PROVIDED MATERIAL Block Start

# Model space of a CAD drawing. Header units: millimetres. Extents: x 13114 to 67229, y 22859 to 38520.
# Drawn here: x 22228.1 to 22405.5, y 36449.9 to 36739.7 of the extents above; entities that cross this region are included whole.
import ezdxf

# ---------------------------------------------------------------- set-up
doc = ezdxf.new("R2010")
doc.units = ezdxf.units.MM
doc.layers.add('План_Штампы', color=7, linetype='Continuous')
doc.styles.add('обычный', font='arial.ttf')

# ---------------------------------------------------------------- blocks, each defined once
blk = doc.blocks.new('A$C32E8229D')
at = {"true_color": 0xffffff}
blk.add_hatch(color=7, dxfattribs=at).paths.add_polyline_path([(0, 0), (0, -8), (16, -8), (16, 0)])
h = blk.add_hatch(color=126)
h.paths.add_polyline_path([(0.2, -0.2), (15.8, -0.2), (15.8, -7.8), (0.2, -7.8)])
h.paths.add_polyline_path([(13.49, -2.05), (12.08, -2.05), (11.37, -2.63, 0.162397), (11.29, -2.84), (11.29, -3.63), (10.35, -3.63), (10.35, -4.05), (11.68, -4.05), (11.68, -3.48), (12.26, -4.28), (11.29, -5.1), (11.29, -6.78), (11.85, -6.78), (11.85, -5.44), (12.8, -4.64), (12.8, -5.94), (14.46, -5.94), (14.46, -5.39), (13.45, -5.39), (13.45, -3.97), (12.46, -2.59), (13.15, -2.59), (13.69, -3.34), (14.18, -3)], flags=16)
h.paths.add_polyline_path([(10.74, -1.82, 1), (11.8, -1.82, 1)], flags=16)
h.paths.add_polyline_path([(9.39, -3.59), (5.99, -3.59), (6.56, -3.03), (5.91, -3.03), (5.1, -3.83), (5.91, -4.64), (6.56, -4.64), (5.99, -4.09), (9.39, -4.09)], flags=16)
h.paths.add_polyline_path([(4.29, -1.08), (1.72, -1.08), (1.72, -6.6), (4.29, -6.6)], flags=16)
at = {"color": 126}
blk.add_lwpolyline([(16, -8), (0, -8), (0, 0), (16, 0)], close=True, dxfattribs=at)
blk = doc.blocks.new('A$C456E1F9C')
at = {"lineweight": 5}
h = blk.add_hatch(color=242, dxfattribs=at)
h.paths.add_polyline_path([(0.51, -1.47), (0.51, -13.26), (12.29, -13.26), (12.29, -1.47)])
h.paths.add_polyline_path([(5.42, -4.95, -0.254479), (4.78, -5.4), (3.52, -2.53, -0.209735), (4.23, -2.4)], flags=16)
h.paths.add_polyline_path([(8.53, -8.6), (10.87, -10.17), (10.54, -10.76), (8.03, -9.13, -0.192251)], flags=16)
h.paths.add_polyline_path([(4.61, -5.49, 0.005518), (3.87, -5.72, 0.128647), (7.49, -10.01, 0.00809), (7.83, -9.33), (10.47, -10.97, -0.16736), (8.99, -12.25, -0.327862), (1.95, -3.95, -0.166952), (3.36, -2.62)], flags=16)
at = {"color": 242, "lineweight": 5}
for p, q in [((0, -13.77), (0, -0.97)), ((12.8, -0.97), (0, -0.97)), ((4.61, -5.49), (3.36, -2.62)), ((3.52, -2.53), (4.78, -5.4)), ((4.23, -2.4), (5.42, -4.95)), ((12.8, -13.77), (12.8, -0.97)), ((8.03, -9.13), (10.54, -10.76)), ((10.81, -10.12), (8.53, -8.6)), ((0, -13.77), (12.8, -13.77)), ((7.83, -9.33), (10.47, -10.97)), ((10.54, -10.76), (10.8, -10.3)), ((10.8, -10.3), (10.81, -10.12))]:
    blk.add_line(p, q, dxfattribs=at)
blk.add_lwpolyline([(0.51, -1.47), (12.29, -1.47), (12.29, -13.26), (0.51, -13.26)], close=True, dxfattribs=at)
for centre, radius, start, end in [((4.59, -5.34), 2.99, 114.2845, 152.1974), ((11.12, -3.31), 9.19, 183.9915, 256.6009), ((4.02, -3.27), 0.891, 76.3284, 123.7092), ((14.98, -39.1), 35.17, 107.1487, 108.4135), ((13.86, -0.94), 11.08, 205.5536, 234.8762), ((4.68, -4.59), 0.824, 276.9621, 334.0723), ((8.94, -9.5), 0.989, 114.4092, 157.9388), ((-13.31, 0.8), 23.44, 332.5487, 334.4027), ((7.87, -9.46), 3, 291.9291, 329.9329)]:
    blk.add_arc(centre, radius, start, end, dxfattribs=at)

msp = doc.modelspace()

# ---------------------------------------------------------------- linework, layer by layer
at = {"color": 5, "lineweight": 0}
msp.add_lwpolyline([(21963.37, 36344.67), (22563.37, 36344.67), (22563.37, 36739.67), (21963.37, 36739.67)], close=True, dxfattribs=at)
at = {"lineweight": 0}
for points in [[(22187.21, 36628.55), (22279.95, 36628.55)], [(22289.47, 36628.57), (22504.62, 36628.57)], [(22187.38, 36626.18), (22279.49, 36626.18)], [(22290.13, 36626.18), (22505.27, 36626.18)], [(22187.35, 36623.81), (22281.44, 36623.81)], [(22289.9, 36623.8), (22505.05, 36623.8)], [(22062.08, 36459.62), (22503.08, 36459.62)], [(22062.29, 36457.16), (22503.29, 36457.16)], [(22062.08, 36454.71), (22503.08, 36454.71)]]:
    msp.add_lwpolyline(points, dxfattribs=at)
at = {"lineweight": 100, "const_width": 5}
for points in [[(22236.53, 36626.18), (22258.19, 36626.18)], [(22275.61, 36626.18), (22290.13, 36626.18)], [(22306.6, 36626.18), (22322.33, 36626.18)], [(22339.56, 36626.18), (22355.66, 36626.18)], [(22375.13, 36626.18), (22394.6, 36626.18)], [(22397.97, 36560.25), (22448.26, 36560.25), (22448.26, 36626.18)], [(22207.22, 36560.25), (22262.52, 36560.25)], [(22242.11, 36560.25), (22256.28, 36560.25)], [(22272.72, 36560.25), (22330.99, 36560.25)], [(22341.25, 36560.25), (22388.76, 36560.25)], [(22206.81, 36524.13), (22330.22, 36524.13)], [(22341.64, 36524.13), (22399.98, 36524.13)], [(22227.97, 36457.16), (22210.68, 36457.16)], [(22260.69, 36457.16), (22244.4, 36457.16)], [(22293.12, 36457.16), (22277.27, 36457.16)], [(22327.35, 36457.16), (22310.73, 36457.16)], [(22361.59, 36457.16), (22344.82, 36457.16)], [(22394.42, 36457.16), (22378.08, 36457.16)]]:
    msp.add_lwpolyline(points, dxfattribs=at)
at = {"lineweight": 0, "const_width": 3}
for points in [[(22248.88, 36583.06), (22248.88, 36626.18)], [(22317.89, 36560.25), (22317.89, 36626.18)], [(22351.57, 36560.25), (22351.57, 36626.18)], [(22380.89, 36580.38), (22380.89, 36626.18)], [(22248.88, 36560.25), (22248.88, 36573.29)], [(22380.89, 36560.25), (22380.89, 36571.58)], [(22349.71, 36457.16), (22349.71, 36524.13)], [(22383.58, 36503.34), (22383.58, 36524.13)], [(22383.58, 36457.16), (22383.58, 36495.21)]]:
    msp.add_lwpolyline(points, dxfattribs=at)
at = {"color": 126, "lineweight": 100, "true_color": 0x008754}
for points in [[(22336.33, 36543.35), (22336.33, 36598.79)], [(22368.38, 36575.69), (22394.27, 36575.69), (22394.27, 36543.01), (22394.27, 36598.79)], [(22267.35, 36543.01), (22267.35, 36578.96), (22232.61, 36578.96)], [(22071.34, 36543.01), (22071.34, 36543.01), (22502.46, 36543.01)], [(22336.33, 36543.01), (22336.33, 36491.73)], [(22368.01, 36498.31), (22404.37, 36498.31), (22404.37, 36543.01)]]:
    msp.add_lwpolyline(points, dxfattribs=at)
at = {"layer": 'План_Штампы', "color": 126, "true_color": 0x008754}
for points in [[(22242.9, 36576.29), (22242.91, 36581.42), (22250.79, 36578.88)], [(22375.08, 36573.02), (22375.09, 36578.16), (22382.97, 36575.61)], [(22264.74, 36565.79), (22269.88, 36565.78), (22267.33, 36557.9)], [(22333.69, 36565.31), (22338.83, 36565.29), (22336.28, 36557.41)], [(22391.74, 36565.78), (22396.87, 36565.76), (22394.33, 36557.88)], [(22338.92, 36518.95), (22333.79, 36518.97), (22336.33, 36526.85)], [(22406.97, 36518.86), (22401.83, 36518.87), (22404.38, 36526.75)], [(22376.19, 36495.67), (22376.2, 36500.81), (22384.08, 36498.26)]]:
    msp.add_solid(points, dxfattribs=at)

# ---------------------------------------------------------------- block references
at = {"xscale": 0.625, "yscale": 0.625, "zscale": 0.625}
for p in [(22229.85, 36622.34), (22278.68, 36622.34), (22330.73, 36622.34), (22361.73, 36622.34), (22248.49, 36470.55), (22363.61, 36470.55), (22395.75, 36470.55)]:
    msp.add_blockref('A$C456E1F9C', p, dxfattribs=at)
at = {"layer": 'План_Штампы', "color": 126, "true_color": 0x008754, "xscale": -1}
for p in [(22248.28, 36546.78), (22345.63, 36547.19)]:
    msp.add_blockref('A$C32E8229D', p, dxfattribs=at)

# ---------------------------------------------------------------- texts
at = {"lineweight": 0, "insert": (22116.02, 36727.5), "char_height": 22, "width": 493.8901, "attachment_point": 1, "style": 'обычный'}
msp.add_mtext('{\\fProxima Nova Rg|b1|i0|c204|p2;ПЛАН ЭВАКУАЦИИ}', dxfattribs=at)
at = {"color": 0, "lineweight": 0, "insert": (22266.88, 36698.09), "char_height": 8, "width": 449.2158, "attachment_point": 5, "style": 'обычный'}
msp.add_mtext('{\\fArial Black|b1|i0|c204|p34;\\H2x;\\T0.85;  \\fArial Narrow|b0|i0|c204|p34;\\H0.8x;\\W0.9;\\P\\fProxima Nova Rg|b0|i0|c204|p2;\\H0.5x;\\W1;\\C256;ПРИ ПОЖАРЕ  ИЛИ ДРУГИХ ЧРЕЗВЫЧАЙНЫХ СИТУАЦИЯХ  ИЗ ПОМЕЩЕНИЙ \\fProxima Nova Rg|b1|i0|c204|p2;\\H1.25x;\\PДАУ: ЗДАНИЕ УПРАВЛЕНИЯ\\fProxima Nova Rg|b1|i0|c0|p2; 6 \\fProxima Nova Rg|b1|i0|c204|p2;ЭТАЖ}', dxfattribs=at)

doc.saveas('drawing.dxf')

PROVIDED MATERIAL Block End

▶ **WORK REQUEST**
Return each line of the data where the word "radius" appears.

▶ **OUTPUT OF THE EXERCISE**
for centre, radius, start, end in [((4.59, -5.34), 2.99, 114.2845, 152.1974), ((11.12, -3.31), 9.19, 183.9915, 256.6009), ((4.02, -3.27), 0.891, 76.3284, 123.7092), ((14.98, -39.1), 35.17, 107.1487, 108.4135), ((13.86, -0.94), 11.08, 205.5536, 234.8762), ((4.68, -4.59), 0.824, 276.9621, 334.0723), ((8.94, -9.5), 0.989, 114.4092, 157.9388), ((-13.31, 0.8), 23.44, 332.5487, 334.4027), ((7.87, -9.46), 3, 291.9291, 329.9329)]:
    blk.add_arc(centre, radius, start, end, dxfattribs=at)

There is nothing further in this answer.